Aura commenced bioleaching testwork with the renowned Parker Cooperative Research Centre for Hydrometallurgy in Perth, Western Australia in late 2009. Bacterial cultures have been established from three sources: the H?gg?n ore; waters from the Project Area in Sweden; and from a coal mine in Western Australia.

The Alum Shale material at H?gg?n has characteristics that make it amenable to bioleaching technologies. The high sulphur content, which the bacteria can oxidise to generate acid, and the similarities to ores being processed by bioleaching elsewhere, has been the impetus for this testwork programme.
Bioleaching in heaps is advantageous as the bacteria generate acid from the pyrite in the rocks, limiting the need to purchase acid and so greatly reducing project operating costs. Heap leaching also offers much reduced capital cost.
These initial results obtained by CSIRO scientists working through the world‐renowned Parker Cooperative Research Centre for Integrated Hydrometallurgy Solutions

The main objectives of these tests were to determine whether naturally occurring bacteria could break down the iron sulphide (pyrite) present to generate sulphuric acid, and whether this acid would aid the extraction of metals.

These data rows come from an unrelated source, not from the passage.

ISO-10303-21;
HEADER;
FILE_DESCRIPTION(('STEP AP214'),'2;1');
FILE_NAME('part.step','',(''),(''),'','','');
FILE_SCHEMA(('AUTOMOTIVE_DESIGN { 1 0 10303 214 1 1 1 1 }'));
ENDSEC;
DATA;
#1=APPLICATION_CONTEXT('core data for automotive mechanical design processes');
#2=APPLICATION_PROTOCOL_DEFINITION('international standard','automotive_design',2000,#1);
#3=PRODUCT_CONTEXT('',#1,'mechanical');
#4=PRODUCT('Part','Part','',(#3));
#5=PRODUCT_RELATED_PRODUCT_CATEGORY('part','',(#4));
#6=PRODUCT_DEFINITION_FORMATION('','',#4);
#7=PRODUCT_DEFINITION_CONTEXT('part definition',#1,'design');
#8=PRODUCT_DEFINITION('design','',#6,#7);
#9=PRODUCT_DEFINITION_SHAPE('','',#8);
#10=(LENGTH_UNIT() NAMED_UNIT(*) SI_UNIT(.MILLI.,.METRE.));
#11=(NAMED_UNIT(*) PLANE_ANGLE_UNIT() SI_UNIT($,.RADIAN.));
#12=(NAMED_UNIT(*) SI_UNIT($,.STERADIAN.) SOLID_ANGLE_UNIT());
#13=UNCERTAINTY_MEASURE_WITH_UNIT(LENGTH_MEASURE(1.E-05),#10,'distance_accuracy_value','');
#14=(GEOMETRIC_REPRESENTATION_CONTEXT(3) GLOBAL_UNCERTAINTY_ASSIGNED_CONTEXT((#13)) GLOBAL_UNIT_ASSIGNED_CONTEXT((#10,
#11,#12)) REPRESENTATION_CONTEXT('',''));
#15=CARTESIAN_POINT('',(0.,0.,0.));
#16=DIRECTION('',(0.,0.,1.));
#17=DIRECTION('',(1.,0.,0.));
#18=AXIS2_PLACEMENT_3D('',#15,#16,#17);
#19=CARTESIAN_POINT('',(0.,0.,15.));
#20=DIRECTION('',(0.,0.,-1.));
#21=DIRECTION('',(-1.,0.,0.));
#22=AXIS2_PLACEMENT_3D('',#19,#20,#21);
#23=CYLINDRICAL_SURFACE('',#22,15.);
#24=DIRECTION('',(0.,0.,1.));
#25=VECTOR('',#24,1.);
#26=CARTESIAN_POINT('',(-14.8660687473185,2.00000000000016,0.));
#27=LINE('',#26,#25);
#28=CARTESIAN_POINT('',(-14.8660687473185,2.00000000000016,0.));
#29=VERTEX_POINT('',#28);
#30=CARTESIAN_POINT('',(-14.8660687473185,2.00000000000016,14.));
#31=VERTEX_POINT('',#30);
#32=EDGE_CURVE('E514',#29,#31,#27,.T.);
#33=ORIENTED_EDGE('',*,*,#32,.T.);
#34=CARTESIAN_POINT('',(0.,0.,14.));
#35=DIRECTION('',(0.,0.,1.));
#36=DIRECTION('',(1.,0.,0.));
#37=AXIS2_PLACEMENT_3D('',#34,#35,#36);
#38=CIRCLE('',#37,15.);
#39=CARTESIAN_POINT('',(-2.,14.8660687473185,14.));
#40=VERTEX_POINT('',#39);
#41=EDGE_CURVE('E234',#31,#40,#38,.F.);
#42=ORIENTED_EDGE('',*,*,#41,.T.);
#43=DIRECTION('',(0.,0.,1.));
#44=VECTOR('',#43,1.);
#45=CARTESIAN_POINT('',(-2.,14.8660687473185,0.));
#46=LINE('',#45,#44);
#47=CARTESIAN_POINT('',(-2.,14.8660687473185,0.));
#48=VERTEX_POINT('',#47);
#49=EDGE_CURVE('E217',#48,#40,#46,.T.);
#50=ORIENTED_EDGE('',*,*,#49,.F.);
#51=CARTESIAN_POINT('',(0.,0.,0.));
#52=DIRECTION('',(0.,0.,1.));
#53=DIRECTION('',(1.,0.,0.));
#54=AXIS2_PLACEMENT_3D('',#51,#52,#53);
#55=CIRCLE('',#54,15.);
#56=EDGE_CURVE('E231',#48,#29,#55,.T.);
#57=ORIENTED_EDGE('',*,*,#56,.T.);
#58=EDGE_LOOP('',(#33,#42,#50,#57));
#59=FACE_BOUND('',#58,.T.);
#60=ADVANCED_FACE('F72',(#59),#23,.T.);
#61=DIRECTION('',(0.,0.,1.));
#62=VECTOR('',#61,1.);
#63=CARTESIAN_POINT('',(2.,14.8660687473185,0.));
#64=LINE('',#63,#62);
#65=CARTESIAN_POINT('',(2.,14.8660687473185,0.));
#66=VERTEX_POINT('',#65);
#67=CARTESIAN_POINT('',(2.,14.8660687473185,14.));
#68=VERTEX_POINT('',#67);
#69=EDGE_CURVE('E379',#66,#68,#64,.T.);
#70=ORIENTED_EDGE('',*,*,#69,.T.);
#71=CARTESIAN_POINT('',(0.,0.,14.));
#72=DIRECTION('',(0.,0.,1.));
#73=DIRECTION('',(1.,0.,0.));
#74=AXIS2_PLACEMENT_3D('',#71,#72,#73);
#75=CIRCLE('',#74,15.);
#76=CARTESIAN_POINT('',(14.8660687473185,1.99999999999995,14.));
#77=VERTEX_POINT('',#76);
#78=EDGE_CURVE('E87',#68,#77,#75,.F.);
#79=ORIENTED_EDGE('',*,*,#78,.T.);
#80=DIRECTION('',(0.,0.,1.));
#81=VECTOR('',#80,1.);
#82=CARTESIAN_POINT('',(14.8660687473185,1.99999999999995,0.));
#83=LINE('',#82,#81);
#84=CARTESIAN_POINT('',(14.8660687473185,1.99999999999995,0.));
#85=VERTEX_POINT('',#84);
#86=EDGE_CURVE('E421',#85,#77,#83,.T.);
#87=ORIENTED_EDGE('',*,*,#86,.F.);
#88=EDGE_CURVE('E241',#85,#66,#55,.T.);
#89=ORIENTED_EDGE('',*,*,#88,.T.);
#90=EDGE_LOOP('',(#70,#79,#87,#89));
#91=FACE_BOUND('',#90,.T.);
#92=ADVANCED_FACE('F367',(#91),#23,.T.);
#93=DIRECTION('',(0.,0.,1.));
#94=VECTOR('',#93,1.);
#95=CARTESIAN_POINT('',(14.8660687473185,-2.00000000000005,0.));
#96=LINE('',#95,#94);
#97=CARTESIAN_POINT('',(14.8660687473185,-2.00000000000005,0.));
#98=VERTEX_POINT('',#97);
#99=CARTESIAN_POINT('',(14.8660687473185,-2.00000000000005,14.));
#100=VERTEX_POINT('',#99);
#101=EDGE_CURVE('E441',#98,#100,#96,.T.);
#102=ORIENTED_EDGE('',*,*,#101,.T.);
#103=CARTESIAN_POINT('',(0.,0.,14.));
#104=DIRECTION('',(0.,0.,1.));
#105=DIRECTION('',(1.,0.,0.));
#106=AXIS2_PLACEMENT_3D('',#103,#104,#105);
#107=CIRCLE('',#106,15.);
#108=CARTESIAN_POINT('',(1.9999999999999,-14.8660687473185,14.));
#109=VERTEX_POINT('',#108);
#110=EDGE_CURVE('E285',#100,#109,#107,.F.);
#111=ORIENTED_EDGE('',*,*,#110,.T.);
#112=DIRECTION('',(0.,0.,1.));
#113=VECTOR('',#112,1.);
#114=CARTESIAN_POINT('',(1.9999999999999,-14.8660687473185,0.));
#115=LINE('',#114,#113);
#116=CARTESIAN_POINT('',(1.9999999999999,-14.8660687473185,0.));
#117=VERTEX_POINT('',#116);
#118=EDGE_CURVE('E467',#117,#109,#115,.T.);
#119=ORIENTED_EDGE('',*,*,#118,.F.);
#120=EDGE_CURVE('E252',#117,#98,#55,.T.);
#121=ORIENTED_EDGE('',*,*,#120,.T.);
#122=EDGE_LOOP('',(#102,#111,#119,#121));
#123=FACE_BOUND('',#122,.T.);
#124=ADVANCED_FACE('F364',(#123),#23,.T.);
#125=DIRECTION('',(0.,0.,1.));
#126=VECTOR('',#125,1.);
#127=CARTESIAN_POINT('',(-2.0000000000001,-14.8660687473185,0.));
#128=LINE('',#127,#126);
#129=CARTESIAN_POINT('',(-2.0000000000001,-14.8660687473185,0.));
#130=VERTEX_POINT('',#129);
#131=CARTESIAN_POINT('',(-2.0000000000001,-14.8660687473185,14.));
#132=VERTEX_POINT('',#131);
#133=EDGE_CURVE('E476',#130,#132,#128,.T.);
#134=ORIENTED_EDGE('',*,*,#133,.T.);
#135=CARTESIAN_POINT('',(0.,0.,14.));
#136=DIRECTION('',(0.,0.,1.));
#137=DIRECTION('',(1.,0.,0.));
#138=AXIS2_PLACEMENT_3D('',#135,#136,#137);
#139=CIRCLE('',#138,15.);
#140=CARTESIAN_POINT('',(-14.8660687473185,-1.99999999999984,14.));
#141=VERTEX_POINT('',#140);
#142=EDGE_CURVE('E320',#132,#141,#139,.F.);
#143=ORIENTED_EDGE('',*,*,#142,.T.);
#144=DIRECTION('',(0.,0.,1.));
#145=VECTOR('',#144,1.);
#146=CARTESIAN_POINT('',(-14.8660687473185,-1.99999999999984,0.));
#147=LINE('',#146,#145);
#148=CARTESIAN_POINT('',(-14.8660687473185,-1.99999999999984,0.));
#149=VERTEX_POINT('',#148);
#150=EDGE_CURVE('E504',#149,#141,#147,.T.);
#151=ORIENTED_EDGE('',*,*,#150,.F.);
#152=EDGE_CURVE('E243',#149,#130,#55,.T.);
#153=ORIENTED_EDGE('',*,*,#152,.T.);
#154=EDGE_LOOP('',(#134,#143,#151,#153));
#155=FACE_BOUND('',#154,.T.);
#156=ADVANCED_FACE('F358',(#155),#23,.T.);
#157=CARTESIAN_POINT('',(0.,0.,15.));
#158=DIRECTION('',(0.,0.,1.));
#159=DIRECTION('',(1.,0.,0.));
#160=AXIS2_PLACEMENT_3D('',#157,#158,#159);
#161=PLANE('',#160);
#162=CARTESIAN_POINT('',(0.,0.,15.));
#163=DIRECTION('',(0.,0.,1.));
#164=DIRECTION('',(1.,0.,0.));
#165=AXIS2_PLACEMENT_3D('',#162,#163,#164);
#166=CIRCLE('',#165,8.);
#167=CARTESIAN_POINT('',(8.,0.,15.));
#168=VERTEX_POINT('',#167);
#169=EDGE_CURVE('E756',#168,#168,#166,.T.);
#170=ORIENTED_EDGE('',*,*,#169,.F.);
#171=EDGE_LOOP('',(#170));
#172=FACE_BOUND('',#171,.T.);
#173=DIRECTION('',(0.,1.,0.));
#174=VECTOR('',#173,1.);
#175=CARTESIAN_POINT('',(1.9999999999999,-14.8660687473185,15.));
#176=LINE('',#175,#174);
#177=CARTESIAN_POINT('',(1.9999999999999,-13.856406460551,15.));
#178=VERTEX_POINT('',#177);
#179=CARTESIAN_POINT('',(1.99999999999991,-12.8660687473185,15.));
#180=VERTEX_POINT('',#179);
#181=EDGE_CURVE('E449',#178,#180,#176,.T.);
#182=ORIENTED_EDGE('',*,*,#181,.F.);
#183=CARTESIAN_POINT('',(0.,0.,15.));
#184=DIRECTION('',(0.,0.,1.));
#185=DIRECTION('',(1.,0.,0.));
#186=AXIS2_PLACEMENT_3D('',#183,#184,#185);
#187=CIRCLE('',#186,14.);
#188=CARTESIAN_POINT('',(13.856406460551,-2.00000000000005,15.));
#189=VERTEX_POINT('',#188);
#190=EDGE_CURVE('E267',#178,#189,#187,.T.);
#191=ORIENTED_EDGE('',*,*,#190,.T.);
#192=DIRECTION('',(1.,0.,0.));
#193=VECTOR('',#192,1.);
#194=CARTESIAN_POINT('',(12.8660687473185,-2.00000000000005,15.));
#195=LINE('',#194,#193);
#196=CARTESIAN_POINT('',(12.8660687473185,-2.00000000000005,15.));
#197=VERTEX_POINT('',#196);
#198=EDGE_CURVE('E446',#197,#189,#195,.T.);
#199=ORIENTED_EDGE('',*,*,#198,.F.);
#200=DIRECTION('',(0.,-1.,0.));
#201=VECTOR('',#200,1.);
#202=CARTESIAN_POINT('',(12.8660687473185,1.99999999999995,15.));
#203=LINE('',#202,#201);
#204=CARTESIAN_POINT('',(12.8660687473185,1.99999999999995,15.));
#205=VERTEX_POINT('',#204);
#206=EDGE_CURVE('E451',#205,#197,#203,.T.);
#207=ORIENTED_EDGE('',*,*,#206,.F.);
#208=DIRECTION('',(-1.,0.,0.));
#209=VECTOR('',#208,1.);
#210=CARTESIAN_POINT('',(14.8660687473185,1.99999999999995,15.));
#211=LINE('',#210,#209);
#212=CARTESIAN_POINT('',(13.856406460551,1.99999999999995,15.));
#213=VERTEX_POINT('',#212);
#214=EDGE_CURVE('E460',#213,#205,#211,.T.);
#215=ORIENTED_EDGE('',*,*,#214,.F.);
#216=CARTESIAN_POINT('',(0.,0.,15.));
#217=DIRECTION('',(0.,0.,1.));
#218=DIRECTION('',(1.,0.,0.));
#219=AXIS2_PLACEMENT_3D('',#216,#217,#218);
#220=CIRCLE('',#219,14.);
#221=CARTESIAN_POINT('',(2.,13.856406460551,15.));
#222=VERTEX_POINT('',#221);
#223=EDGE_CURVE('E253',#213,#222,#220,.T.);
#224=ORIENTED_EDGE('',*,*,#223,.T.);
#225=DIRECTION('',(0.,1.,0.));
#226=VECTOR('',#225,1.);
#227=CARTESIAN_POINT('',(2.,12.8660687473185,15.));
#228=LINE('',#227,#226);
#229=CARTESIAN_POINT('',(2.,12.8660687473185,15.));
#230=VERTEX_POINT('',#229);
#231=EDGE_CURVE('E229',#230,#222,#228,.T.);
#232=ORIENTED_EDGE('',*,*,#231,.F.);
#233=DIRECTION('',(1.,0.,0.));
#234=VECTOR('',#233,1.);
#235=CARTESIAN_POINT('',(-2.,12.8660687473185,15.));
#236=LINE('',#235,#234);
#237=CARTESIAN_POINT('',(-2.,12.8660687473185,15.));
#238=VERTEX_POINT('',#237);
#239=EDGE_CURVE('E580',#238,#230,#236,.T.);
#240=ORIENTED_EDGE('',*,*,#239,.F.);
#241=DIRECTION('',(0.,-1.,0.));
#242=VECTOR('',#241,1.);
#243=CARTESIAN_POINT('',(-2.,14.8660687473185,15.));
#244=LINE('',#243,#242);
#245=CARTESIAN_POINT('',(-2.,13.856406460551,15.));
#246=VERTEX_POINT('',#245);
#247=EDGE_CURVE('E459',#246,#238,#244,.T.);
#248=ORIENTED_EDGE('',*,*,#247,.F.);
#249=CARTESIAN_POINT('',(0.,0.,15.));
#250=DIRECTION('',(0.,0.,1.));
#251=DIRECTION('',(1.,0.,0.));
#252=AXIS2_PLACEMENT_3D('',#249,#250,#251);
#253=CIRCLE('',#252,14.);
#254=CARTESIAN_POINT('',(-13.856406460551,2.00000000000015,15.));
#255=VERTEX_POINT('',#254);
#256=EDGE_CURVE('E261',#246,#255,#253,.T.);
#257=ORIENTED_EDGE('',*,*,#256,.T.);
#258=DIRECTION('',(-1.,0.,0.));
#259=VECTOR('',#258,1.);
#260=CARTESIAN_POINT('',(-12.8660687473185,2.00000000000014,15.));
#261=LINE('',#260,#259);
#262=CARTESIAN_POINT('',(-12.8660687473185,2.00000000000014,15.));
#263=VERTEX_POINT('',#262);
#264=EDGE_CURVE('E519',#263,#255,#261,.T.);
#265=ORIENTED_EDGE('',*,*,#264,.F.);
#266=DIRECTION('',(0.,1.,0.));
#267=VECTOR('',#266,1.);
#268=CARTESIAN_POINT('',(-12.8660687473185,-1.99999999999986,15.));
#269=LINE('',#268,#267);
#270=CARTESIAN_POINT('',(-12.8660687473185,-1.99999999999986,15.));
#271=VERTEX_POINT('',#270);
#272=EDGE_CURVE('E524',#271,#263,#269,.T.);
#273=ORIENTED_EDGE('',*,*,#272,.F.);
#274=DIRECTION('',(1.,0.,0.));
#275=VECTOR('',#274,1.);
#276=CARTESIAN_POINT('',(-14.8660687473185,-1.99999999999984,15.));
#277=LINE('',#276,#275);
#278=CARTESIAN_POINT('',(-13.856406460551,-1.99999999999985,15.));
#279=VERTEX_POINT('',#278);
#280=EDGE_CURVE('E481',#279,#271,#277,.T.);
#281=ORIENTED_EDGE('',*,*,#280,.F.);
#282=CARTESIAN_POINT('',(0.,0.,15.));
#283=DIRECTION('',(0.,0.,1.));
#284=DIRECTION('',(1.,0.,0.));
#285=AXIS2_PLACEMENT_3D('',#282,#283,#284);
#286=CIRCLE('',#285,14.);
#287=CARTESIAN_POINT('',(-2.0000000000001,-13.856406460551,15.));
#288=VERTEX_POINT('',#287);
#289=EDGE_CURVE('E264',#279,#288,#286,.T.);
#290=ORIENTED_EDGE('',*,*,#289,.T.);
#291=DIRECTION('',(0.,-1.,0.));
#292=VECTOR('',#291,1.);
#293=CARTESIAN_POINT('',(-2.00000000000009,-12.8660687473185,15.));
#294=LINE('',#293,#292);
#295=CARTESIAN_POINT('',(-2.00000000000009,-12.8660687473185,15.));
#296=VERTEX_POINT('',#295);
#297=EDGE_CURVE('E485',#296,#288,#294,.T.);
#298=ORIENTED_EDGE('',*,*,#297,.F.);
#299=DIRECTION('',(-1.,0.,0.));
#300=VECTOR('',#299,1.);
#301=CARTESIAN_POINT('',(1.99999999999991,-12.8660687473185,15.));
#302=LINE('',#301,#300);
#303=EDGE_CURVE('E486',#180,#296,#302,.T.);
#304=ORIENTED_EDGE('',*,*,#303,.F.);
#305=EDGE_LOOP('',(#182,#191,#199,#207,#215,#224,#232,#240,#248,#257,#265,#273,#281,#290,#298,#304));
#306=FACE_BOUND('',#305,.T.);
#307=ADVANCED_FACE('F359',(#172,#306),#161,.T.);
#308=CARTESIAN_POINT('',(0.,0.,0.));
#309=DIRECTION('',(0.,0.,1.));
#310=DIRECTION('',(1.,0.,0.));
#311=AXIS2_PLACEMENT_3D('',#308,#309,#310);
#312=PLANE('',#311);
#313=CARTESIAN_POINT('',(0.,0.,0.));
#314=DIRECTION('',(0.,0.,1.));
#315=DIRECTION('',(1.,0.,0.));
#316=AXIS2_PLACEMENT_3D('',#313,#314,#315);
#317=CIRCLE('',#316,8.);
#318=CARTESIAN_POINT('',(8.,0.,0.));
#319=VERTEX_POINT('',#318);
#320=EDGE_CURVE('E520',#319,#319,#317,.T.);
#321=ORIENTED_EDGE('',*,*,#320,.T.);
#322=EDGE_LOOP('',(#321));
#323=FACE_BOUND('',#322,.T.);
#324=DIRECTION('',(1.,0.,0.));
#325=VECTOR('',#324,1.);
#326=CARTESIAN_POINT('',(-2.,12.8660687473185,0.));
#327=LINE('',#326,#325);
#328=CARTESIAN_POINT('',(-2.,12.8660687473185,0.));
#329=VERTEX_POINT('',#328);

The tests were carried out in columns 50cm high and 10cm in diameter. Material used was quarter core, with a diameter of less than 25mm.

The tests successfully demonstrated that these objectives have been achieved. The results are from the first phase of column tests, which are designed to simulate conditions in a heap leach process.
Maximum recoveries of metals obtained in the presence of bacteria were:
Uranium 75%
Nickel 65%
Zinc 60%
Molybdenum 25%

The recoveries were significantly higher than reference tests without the presence of bacteria. The tests indicated that acidity increased rapidly when the bacteria were added, and extraction was significantly improved for all metals.

It is anticipated that these recoveries will be improved with further tests. One opportunity for improvement is using a finer particle size, as would be normal for a heap leach operation.

Aura is now planning for a larger size, more comprehensive phase of testing, which will commence later this quarter.

I hold AEE and feel that it is a likely contender that may well go head to head with Extract Resources.